Rita Eichwald von der Nordhäuser Tafel: Bürgermeister Klaus Wahlbuhl sagte: Frau Eichwald hatte erfahren, dass es in Nordhausen eine Tafel für Bedürftige geben soll und hat sich spontan zur Mitarbeit entschlossen. Fast täglich ist sie bei der `Tafel` anzutreffen, sie ist immer erreichbar und jederzeit offen für die Beantwortung von Fragen und für persönliche Hilfestellungen.
Helga Winterstein vom Freundeskreis NordhausenOstròw Wielkopolski. Wahlbuhl: Sie sind unsere Botschafterin in Ostrow! Ihr Name ist eng verbunden mit dieser Städtepartnerschaft. Sie helfen, wo sie können, ob nun Sponsoren gefunden werden oder Gäste untergebracht und betreut werden müssen.
Carla Buhl ist vielseitig ehrenamtlich aktiv, sagte Wahlbuhl. Sie leitet das Kabarett `Die Domweiber`, führt Besucher durch den Dom. Einen Grossteil ihrer Freizeit widmet sie darüber hinaus dem Lesekreis im Begegnungszentrum unserer Stadt und hat damit den Seniorinnen und Senioren viele Bücher näher bringen können. Die Einrichtung eines Literaturcafès im Begegnungszentrum geht auf ihre Initiative zurück, sagte der Bürgermeister.
Helga Stanislowsky von der Deutsch-Französischen Gesellschaft e.V.. Frau Stanislowsky, so Wahlbuhl, arbeite seit vielen Jahren ehrenamtlich nicht nur in der Deutsch-Französichen Gesellschaft, sondern auch auf dem Gebiet der Städtepartnerschaft zwischen Nordhausen und Charleville-Mézières. Frau Stanislowsky vermittle französische Praktikanten in Nordhäuser Firmen und Verwaltungen, helfe ihnen damit, die deutsche Sprache besser zu lernen und sich für den späteren Beruf zu rüsten. Für viele unserer französischen Freunde ist ihr Name inzwischen ein Begriff, sagte Wahlbuhl. Allerdings betreue Frau Stanislowsky nicht nur französische sondern auch ukrainische Gäste und engagiere sich in der Tschernobyl-Hilfe.

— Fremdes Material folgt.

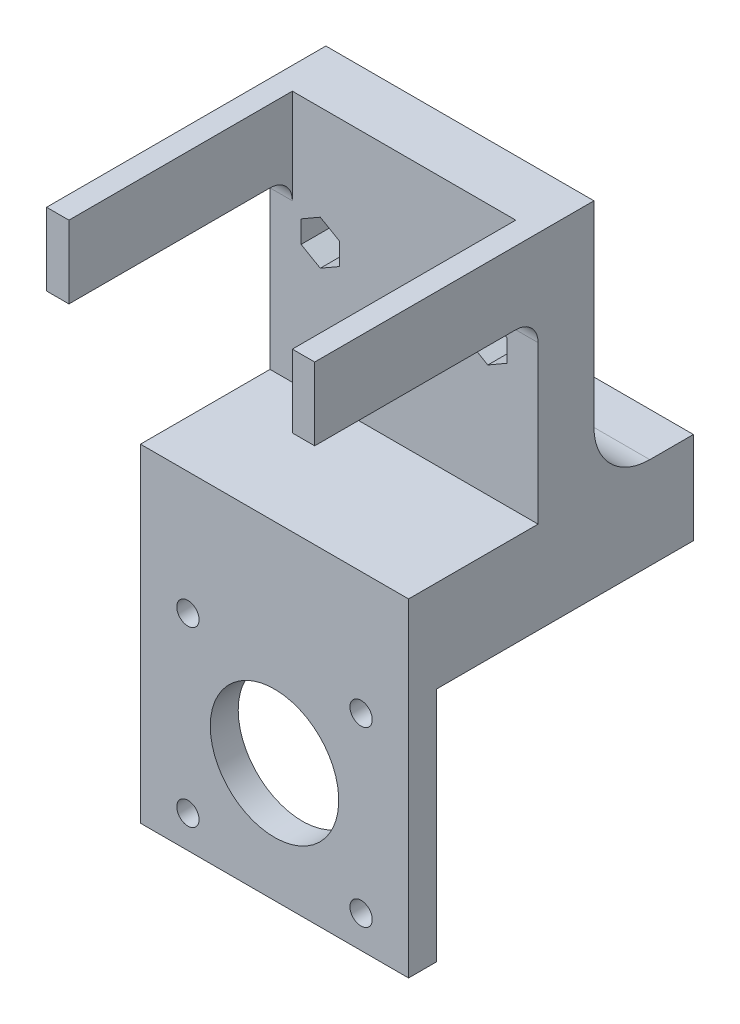
SolidWorks part; units mm, degrees
ref_plane "Front Plane" through (0, 0, 0) normal (0, 0, 1) x (1, 0, 0)
ref_plane "Top Plane" through (0, 0, 0) normal (0, 1, 0) x (1, 0, 0)
ref_plane "Right Plane" through (0, 0, 0) normal (1, 0, 0) x (0, 0, -1)
sketch "Sketch1" plane through (0, 0, 0) normal (0, 0, 1) x (1, 0, 0)
  line L1 (0, 0) -> (48, 0)
  line L2 (0, 0) -> (0, 53)
  line L3 (0, 53) -> (48, 53)
  line L4 (48, 0) -> (48, 53)
  dimension "D1" = 53
  dimension "D2" = 48
extrude "Boss-Extrude1" add sketch "Sketch1" along normal blind 10
sketch "Sketch2" plane through (0, 0, 0) normal (0, 0, -1) x (-1, 0, 0)
  line L0 (0, 53) -> (0, 0) construction
  line L1 (-48, 0) -> (0, 0)
  line L2 (-48, 0) -> (-48, -5.6163)
  line L3 (-48, -5.6163) -> (0, -5.6163)
  line L4 (0, 0) -> (0, -5.6163)
  dimension "D1" = 5.6163
extrude "Boss-Extrude2" add sketch "Sketch2" against normal blind 33.1918
sketch "Sketch4" plane through (0, 0, 10) normal (0, 0, 1) x (1, 0, 0)
  line L1 (0, 53) -> (4, 53)
  line L2 (0, 53) -> (0, 43)
  line L3 (0, 43) -> (4, 43)
  line L4 (4, 53) -> (4, 43)
  line L5 (48, 53) -> (44, 53)
  line L6 (48, 53) -> (48, 43)
  line L7 (48, 43) -> (44, 43)
  line L8 (44, 53) -> (44, 43)
  dimension "D1" = 10
  dimension "D2" = 4
extrude "Boss-Extrude4" add sketch "Sketch4" along normal blind 40
sketch "Sketch5" plane through (0, 0, 10) normal (0, 0, 1) x (1, 0, 0)
  line L0 (48, 0) -> (48, 43) construction
  line L1 (0, 0) -> (48, 0)
  line L2 (0, 0) -> (0, 10.8609)
  line L3 (0, 10.8609) -> (48, 10.8609)
  line L4 (48, 0) -> (48, 10.8609)
  dimension "D1" = 10.8609
extrude "Boss-Extrude5" add sketch "Sketch5" along normal up to surface (23.1918 mm away) up to face at (24, -2.8082, 33.1918)
sketch "Sketch6" plane through (0, -5.6163, 0) normal (0, -1, 0) x (1, 0, 0)
  line L0 (0, 0) -> (0, 28.1918) construction
  line L1 (0, 33.1918) -> (0, 0) construction
  line L2 (48, 33.1918) -> (48, 0) construction
  line L3 (0, 28.1918) -> (48, 28.1918)
  line L4 (0, 28.1918) -> (0, 33.1918)
  line L5 (0, 33.1918) -> (48, 33.1918)
  line L6 (48, 28.1918) -> (48, 33.1918)
  line L8 (48, 33.1918) -> (0, 33.1918) construction
  dimension "D2" = 5
extrude "Boss-Extrude6" add sketch "Sketch6" along normal blind 42.3
sketch "Sketch7" plane through (0, 0, 0) normal (-1, 0, 0) x (0, 0, 1)
  line L0 (33.1918, 10.8609) -> (10, 10.8609) construction
  line L1 (0, -5.6163) -> (-12.8082, -5.6163)
  line L2 (0, -5.6163) -> (0, 10.8609)
  line L3 (0, 10.8609) -> (-12.8082, 10.8609)
  line L4 (-12.8082, -5.6163) -> (-12.8082, 10.8609)
  line L5 (28.1918, -47.9163) -> (28.1918, -5.6163) construction
  dimension "D1" = 41
extrude "Boss-Extrude7" add sketch "Sketch7" against normal up to surface (48 mm away) up to face at (48, 10.6657, 24.2767)
sketch "Sketch8" plane through (0, 0, 28.1918) normal (0, 0, -1) x (-1, 0, 0)
  line L0 (-24, -26.6163) -> (-24, -5.6163) construction
  line L1 (0, -5.6163) -> (-48, -5.6163) construction
  line L3 (-8.5, -42.1163) -> (-39.5, -42.1163) construction
  line L4 (-8.5, -42.1163) -> (-8.5, -11.1163) construction
  line L5 (-8.5, -11.1163) -> (-39.5, -11.1163) construction
  line L6 (-39.5, -42.1163) -> (-39.5, -11.1163) construction
  line L7 (-8.5, -42.1163) -> (-39.5, -11.1163) construction
  line L8 (-8.5, -11.1163) -> (-39.5, -42.1163) construction
  circle A0 centre (-24, -26.6163) radius 11.5
  circle A1 centre (-39.5, -11.1163) radius 2
  circle A2 centre (-39.5, -42.1163) radius 2
  circle A3 centre (-8.5, -11.1163) radius 2
  circle A4 centre (-8.5, -42.1163) radius 2
  dimension "D2" = 23
  dimension "D4" = 4
  dimension "D1" = 21
  dimension "D3" = 31
extrude "Cut-Extrude1" cut sketch "Sketch8" against normal up to next
fillet "Fillet1" radius 10 1 edges at (24, 10.8609, 0)
fillet "Fillet2" radius 4 2 edges at (2, 43, 10) (46, 43, 10)
sketch "Sketch9" plane through (48, 0, 0) normal (1, 0, 0) x (0, 0, -1)
  line L1 (12.8082, 10.8609) -> (17.8082, 10.8609)
  line L2 (12.8082, 10.8609) -> (12.8082, -5.6163)
  line L3 (12.8082, -5.6163) -> (17.8082, -5.6163)
  line L4 (17.8082, 10.8609) -> (17.8082, -5.6163)
  line L5 (-28.1918, -5.6163) -> (12.8082, -5.6163) construction
  dimension "D1" = 5
extrude "Boss-Extrude9" add sketch "Sketch9" against normal up to surface (48 mm away) contours L4 L3 L2 L1 up to face at (0, 13.3569, 15.8852)
sketch "Sketch10" plane through (0, 0, 10) normal (0, 0, 1) x (1, 0, 0)
  line L0 (4, 53) -> (9, 35) construction
  line L1 (9, 35) -> (39, 35) construction
  line L2 (39, 35) -> (44, 53) construction
  line L3 (44, 53) -> (4, 53) construction
  line L4 (44, 53) -> (44, 43) construction
  line L6 (12.429, 36.9797) -> (9, 38.9595)
  line L7 (9, 38.9595) -> (5.571, 36.9797)
  line L8 (5.571, 36.9797) -> (5.571, 33.0203)
  line L9 (5.571, 33.0203) -> (9, 31.0405)
  line L10 (9, 31.0405) -> (12.429, 33.0203)
  line L11 (12.429, 33.0203) -> (12.429, 36.9797)
  line L12 (35.571, 36.9797) -> (35.571, 33.0203)
  line L13 (35.571, 33.0203) -> (39, 31.0405)
  line L14 (39, 31.0405) -> (42.429, 33.0203)
  line L15 (42.429, 33.0203) -> (42.429, 36.9797)
  line L16 (42.429, 36.9797) -> (39, 38.9595)
  line L17 (39, 38.9595) -> (35.571, 36.9797)
  circle A0 centre (9, 35) radius 3.429 construction
  circle A1 centre (39, 35) radius 3.429 construction
  point P3 (0, 0)
  dimension "D1" = 6.858
  dimension "D2" = 30
  dimension "D3" = 18
extrude "Cut-Extrude2" cut sketch "Sketch10" against normal blind 6
sketch "Sketch11" plane through (0, 0, 4) normal (0, 0, 1) x (1, 0, 0)
  circle A0 centre (9, 35) radius 1.9304
  circle A1 centre (39, 35) radius 1.9304
  dimension "D1" = 3.8608
extrude "Cut-Extrude3" cut sketch "Sketch11" against normal blind 6
sketch "Sketch12" plane through (0, 53, 0) normal (0, 1, 0) x (1, 0, 0)
  line L0 (0, 0) -> (0, -50)
  line L1 (0, -50) -> (4, -50)
  line L2 (4, -50) -> (4, -10)
  line L3 (4, -10) -> (44, -10)
  line L4 (44, -10) -> (44, -50)
  line L5 (44, -50) -> (48, -50)
  line L6 (48, -50) -> (48, 0)
  line L7 (48, 0) -> (0, 0)
extrude "Boss-Extrude11" add sketch "Sketch12" along normal blind 3

Frank Pelny vom Karate-Do-Kwai Nordhausen e.V.. Er ist fasziniert von der Möglichkeit, mittels Technik einen stärkeren Gegner zu bezwingen. Seit 1987 leitet er eine Karategruppe in Nordhausen. Der Verein ist mit 360 Mitgliedern in bereits drei Städten vertreten, begonnen hat alles mit 5 Enthusiasten. Auch außerhalb Nordhausens hat sich Frank Pelny inzwischen einen Namen gemacht, sagte Wahlbuhl. In den 90er Jahre, so Wahlbuhl weiter, war Frank Pelny für den Deutschen Karate Verband tätig und hat für die Verbreitung dieses Sportes in den neuen Bundesländern gesorgt.
Wilfried Jendricke, sagte Klaus Wahlbuhl, arbeite seit vielen Jahren ehrenamtlich im Gemeinderat der Frauenberger Kirchgemeinde: Es wird über ihn gesagt, dass er immer schnell erkennt, an welchen Ecken es brennt. Er kann dann auch diese Problem schnell lösen, packt dabei selbst mit an und kann andere zum Handeln mobilisieren.. Frau Rinke ergänzte: Darüber hinaus engagiert er sich in der Kreis-Handwerkerschaft. Ihm ist es wesentlich zu verdanken, dass die Frage Finkenburg jetzt gelöst ist.
Dieter Gabriel, so hiess es in der Laudatio, mache es den Nordhäusern möglich, life Jazz zu erleben. Seit 19 Jahren gibt es den Jazz-Club in Nordhausen, seit 18 Jahren organisiert dieser Club im Herbst jeden Jahres das Jazz-Fest. Wir hoffen, dass wir auch weiterhin dank seines Engagements gute Jazz-Musik in all ihren Varianten hören werden, so Wahlbuhl.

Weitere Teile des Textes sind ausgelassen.